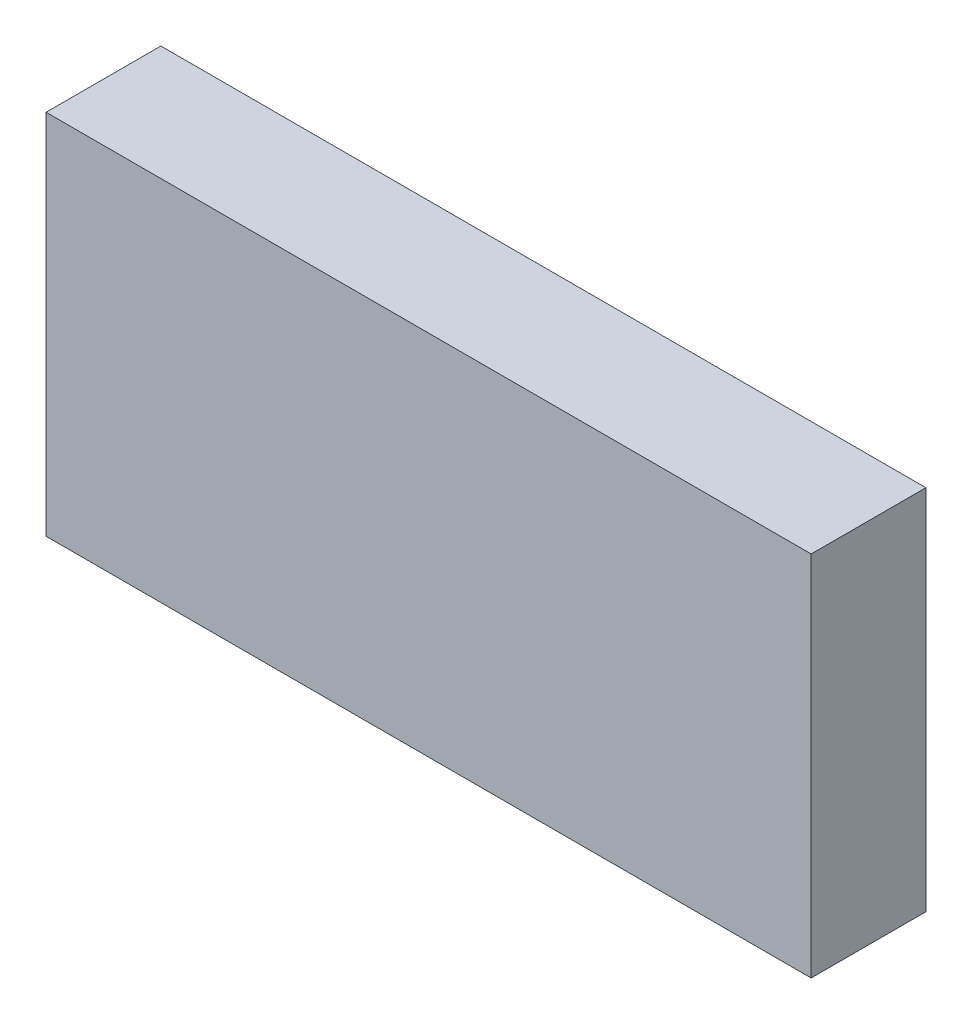
ISO-10303-21;
HEADER;
FILE_DESCRIPTION(('STEP AP214'),'2;1');
FILE_NAME('part.step','',(''),(''),'','','');
FILE_SCHEMA(('AUTOMOTIVE_DESIGN { 1 0 10303 214 1 1 1 1 }'));
ENDSEC;
DATA;
#1=APPLICATION_CONTEXT('core data for automotive mechanical design processes');
#2=APPLICATION_PROTOCOL_DEFINITION('international standard','automotive_design',2000,#1);
#3=PRODUCT_CONTEXT('',#1,'mechanical');
#4=PRODUCT('Part','Part','',(#3));
#5=PRODUCT_RELATED_PRODUCT_CATEGORY('part','',(#4));
#6=PRODUCT_DEFINITION_FORMATION('','',#4);
#7=PRODUCT_DEFINITION_CONTEXT('part definition',#1,'design');
#8=PRODUCT_DEFINITION('design','',#6,#7);
#9=PRODUCT_DEFINITION_SHAPE('','',#8);
#10=(LENGTH_UNIT() NAMED_UNIT(*) SI_UNIT(.MILLI.,.METRE.));
#11=(NAMED_UNIT(*) PLANE_ANGLE_UNIT() SI_UNIT($,.RADIAN.));
#12=(NAMED_UNIT(*) SI_UNIT($,.STERADIAN.) SOLID_ANGLE_UNIT());
#13=UNCERTAINTY_MEASURE_WITH_UNIT(LENGTH_MEASURE(1.E-05),#10,'distance_accuracy_value','');
#14=(GEOMETRIC_REPRESENTATION_CONTEXT(3) GLOBAL_UNCERTAINTY_ASSIGNED_CONTEXT((#13)) GLOBAL_UNIT_ASSIGNED_CONTEXT((#10,
#11,#12)) REPRESENTATION_CONTEXT('',''));
#15=CARTESIAN_POINT('',(0.,0.,0.));
#16=DIRECTION('',(0.,0.,1.));
#17=DIRECTION('',(1.,0.,0.));
#18=AXIS2_PLACEMENT_3D('',#15,#16,#17);
#19=CARTESIAN_POINT('',(-2.54,1.2192,0.762));
#20=DIRECTION('',(0.,0.,1.));
#21=DIRECTION('',(1.,0.,0.));
#22=AXIS2_PLACEMENT_3D('',#19,#20,#21);
#23=PLANE('',#22);
#24=DIRECTION('',(0.,1.,0.));
#25=VECTOR('',#24,1.);
#26=CARTESIAN_POINT('',(2.54,1.2192,0.762));
#27=LINE('',#26,#25);
#28=CARTESIAN_POINT('',(2.54,1.2192,0.762));
#29=VERTEX_POINT('',#28);
#30=CARTESIAN_POINT('',(2.54,-1.2192,0.762));
#31=VERTEX_POINT('',#30);
#32=EDGE_CURVE('E53',#29,#31,#27,.F.);
#33=ORIENTED_EDGE('',*,*,#32,.F.);
#34=DIRECTION('',(1.,0.,0.));
#35=VECTOR('',#34,1.);
#36=CARTESIAN_POINT('',(-2.54,1.2192,0.762));
#37=LINE('',#36,#35);
#38=CARTESIAN_POINT('',(-2.54,1.2192,0.762));
#39=VERTEX_POINT('',#38);
#40=EDGE_CURVE('E68',#39,#29,#37,.T.);
#41=ORIENTED_EDGE('',*,*,#40,.F.);
#42=DIRECTION('',(0.,1.,0.));
#43=VECTOR('',#42,1.);
#44=CARTESIAN_POINT('',(-2.54,-1.2192,0.762));
#45=LINE('',#44,#43);
#46=CARTESIAN_POINT('',(-2.54,-1.2192,0.762));
#47=VERTEX_POINT('',#46);
#48=EDGE_CURVE('E20',#47,#39,#45,.T.);
#49=ORIENTED_EDGE('',*,*,#48,.F.);
#50=DIRECTION('',(1.,0.,0.));
#51=VECTOR('',#50,1.);
#52=CARTESIAN_POINT('',(2.54,-1.2192,0.762));
#53=LINE('',#52,#51);
#54=EDGE_CURVE('E58',#31,#47,#53,.F.);
#55=ORIENTED_EDGE('',*,*,#54,.F.);
#56=EDGE_LOOP('',(#33,#41,#49,#55));
#57=FACE_BOUND('',#56,.T.);
#58=ADVANCED_FACE('F17',(#57),#23,.T.);
#59=CARTESIAN_POINT('',(-2.54,-1.2192,0.));
#60=DIRECTION('',(-1.,0.,0.));
#61=DIRECTION('',(0.,0.,1.));
#62=AXIS2_PLACEMENT_3D('',#59,#60,#61);
#63=PLANE('',#62);
#64=DIRECTION('',(0.,0.,1.));
#65=VECTOR('',#64,1.);
#66=CARTESIAN_POINT('',(-2.54,1.2192,0.));
#67=LINE('',#66,#65);
#68=CARTESIAN_POINT('',(-2.54,1.2192,0.));
#69=VERTEX_POINT('',#68);
#70=EDGE_CURVE('E79',#69,#39,#67,.T.);
#71=ORIENTED_EDGE('',*,*,#70,.F.);
#72=DIRECTION('',(0.,1.,0.));
#73=VECTOR('',#72,1.);
#74=CARTESIAN_POINT('',(-2.54,1.2192,0.));
#75=LINE('',#74,#73);
#76=CARTESIAN_POINT('',(-2.54,-1.2192,0.));
#77=VERTEX_POINT('',#76);
#78=EDGE_CURVE('E74',#69,#77,#75,.F.);
#79=ORIENTED_EDGE('',*,*,#78,.T.);
#80=DIRECTION('',(0.,0.,-1.));
#81=VECTOR('',#80,1.);
#82=CARTESIAN_POINT('',(-2.54,-1.2192,0.));
#83=LINE('',#82,#81);
#84=EDGE_CURVE('E63',#47,#77,#83,.T.);
#85=ORIENTED_EDGE('',*,*,#84,.F.);
#86=ORIENTED_EDGE('',*,*,#48,.T.);
#87=EDGE_LOOP('',(#71,#79,#85,#86));
#88=FACE_BOUND('',#87,.T.);
#89=ADVANCED_FACE('F73',(#88),#63,.T.);
#90=CARTESIAN_POINT('',(2.54,-1.2192,0.));
#91=DIRECTION('',(0.,-1.,0.));
#92=DIRECTION('',(0.,0.,-1.));
#93=AXIS2_PLACEMENT_3D('',#90,#91,#92);
#94=PLANE('',#93);
#95=ORIENTED_EDGE('',*,*,#84,.T.);
#96=DIRECTION('',(1.,0.,0.));
#97=VECTOR('',#96,1.);
#98=CARTESIAN_POINT('',(-2.54,-1.2192,0.));
#99=LINE('',#98,#97);
#100=CARTESIAN_POINT('',(2.54,-1.2192,0.));
#101=VERTEX_POINT('',#100);
#102=EDGE_CURVE('E84',#77,#101,#99,.T.);
#103=ORIENTED_EDGE('',*,*,#102,.T.);
#104=DIRECTION('',(0.,0.,-1.));
#105=VECTOR('',#104,1.);
#106=CARTESIAN_POINT('',(2.54,-1.2192,0.));
#107=LINE('',#106,#105);
#108=EDGE_CURVE('E65',#31,#101,#107,.T.);
#109=ORIENTED_EDGE('',*,*,#108,.F.);
#110=ORIENTED_EDGE('',*,*,#54,.T.);
#111=EDGE_LOOP('',(#95,#103,#109,#110));
#112=FACE_BOUND('',#111,.T.);
#113=ADVANCED_FACE('F60',(#112),#94,.T.);
#114=CARTESIAN_POINT('',(2.54,1.2192,0.));
#115=DIRECTION('',(1.,0.,0.));
#116=DIRECTION('',(0.,0.,-1.));
#117=AXIS2_PLACEMENT_3D('',#114,#115,#116);
#118=PLANE('',#117);
#119=ORIENTED_EDGE('',*,*,#108,.T.);
#120=DIRECTION('',(0.,1.,0.));
#121=VECTOR('',#120,1.);
#122=CARTESIAN_POINT('',(2.54,1.2192,0.));
#123=LINE('',#122,#121);
#124=CARTESIAN_POINT('',(2.54,1.2192,0.));
#125=VERTEX_POINT('',#124);
#126=EDGE_CURVE('E26',#101,#125,#123,.T.);
#127=ORIENTED_EDGE('',*,*,#126,.T.);
#128=DIRECTION('',(0.,0.,1.));
#129=VECTOR('',#128,1.);
#130=CARTESIAN_POINT('',(2.54,1.2192,0.));
#131=LINE('',#130,#129);
#132=EDGE_CURVE('E34',#29,#125,#131,.F.);
#133=ORIENTED_EDGE('',*,*,#132,.F.);
#134=ORIENTED_EDGE('',*,*,#32,.T.);
#135=EDGE_LOOP('',(#119,#127,#133,#134));
#136=FACE_BOUND('',#135,.T.);
#137=ADVANCED_FACE('F88',(#136),#118,.T.);
#138=CARTESIAN_POINT('',(-2.54,1.2192,0.));
#139=DIRECTION('',(0.,1.,0.));
#140=DIRECTION('',(0.,0.,1.));
#141=AXIS2_PLACEMENT_3D('',#138,#139,#140);
#142=PLANE('',#141);
#143=ORIENTED_EDGE('',*,*,#132,.T.);
#144=DIRECTION('',(1.,0.,0.));
#145=VECTOR('',#144,1.);
#146=CARTESIAN_POINT('',(-2.54,1.2192,0.));
#147=LINE('',#146,#145);
#148=EDGE_CURVE('E11',#125,#69,#147,.F.);
#149=ORIENTED_EDGE('',*,*,#148,.T.);
#150=ORIENTED_EDGE('',*,*,#70,.T.);
#151=ORIENTED_EDGE('',*,*,#40,.T.);
#152=EDGE_LOOP('',(#143,#149,#150,#151));
#153=FACE_BOUND('',#152,.T.);
#154=ADVANCED_FACE('F91',(#153),#142,.T.);
#155=CARTESIAN_POINT('',(-2.54,1.2192,0.));
#156=DIRECTION('',(0.,0.,1.));
#157=DIRECTION('',(1.,0.,0.));
#158=AXIS2_PLACEMENT_3D('',#155,#156,#157);
#159=PLANE('',#158);
#160=ORIENTED_EDGE('',*,*,#126,.F.);
#161=ORIENTED_EDGE('',*,*,#102,.F.);
#162=ORIENTED_EDGE('',*,*,#78,.F.);
#163=ORIENTED_EDGE('',*,*,#148,.F.);
#164=EDGE_LOOP('',(#160,#161,#162,#163));
#165=FACE_BOUND('',#164,.T.);
#166=ADVANCED_FACE('F90',(#165),#159,.F.);
#167=CLOSED_SHELL('',(#58,#89,#113,#137,#154,#166));
#168=MANIFOLD_SOLID_BREP('B1',#167);
#169=ADVANCED_BREP_SHAPE_REPRESENTATION('',(#18,#168),#14);
#170=SHAPE_DEFINITION_REPRESENTATION(#9,#169);
ENDSEC;
END-ISO-10303-21;
************
Exercise brief » Precisely the lines between those holding "#137=ADVANCED_FACE('F88',(#136),#118,.T.);" and "#149=ORIENTED_EDGE('',*,*,#148,.T.);", inclusive, are to be reproduced from the listing above, with nothing added.

Solution to this exercise »
#137=ADVANCED_FACE('F88',(#136),#118,.T.);
#138=CARTESIAN_POINT('',(-2.54,1.2192,0.));
#139=DIRECTION('',(0.,1.,0.));
#140=DIRECTION('',(0.,0.,1.));
#141=AXIS2_PLACEMENT_3D('',#138,#139,#140);
#142=PLANE('',#141);
#143=ORIENTED_EDGE('',*,*,#132,.T.);
#144=DIRECTION('',(1.,0.,0.));
#145=VECTOR('',#144,1.);
#146=CARTESIAN_POINT('',(-2.54,1.2192,0.));
#147=LINE('',#146,#145);
#148=EDGE_CURVE('E11',#125,#69,#147,.F.);
#149=ORIENTED_EDGE('',*,*,#148,.T.);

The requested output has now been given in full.